Task prompt: The line containing "doc.units = ezdxf.units.M" marks the end: restate word for word every line from the first line of the entries below through that one.

Data for analysis:
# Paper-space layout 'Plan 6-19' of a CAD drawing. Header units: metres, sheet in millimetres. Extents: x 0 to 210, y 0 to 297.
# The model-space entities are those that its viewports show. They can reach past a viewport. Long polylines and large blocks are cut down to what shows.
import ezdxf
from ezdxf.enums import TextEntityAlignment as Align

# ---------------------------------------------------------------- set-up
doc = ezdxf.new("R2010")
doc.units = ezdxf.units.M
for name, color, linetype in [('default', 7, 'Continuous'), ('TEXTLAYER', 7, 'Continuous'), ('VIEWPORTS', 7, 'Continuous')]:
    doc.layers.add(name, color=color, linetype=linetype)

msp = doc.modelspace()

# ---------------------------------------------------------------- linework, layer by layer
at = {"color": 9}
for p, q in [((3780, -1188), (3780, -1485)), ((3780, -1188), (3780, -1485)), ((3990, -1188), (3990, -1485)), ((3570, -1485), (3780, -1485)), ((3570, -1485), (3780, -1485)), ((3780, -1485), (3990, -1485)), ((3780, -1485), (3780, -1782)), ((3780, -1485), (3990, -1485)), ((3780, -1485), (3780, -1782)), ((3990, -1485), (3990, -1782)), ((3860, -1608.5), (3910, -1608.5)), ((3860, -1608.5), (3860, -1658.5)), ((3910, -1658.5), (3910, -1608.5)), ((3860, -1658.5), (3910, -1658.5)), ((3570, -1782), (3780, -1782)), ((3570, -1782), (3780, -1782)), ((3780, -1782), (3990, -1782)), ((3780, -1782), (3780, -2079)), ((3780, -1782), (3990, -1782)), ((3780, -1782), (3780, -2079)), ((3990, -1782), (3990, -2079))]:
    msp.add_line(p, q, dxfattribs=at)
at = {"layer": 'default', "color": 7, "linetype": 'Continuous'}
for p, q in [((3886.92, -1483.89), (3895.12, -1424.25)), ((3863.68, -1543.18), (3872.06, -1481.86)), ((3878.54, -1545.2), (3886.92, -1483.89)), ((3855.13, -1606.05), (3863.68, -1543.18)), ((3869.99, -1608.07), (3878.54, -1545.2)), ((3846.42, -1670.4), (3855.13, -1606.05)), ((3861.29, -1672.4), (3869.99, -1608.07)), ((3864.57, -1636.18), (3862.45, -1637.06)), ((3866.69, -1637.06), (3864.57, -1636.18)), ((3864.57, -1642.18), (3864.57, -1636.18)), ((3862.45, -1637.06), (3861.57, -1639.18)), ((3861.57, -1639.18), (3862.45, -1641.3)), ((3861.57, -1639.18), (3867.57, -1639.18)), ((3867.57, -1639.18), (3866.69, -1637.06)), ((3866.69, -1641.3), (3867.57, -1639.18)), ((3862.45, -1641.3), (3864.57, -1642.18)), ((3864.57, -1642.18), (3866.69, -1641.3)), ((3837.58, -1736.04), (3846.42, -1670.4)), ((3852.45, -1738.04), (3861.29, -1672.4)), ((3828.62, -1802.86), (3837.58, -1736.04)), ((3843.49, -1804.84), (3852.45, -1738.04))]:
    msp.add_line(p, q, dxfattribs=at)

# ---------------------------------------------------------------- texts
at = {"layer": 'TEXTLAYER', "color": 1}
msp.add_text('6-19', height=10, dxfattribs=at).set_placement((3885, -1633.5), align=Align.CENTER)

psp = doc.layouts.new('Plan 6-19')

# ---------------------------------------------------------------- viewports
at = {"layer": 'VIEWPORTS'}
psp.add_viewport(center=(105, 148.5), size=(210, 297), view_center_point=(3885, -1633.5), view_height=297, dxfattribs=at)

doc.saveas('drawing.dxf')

Expected output:
# Paper-space layout 'Plan 6-19' of a CAD drawing. Header units: metres, sheet in millimetres. Extents: x 0 to 210, y 0 to 297.
# The model-space entities are those that its viewports show. They can reach past a viewport. Long polylines and large blocks are cut down to what shows.
import ezdxf
from ezdxf.enums import TextEntityAlignment as Align

# ---------------------------------------------------------------- set-up
doc = ezdxf.new("R2010")
doc.units = ezdxf.units.M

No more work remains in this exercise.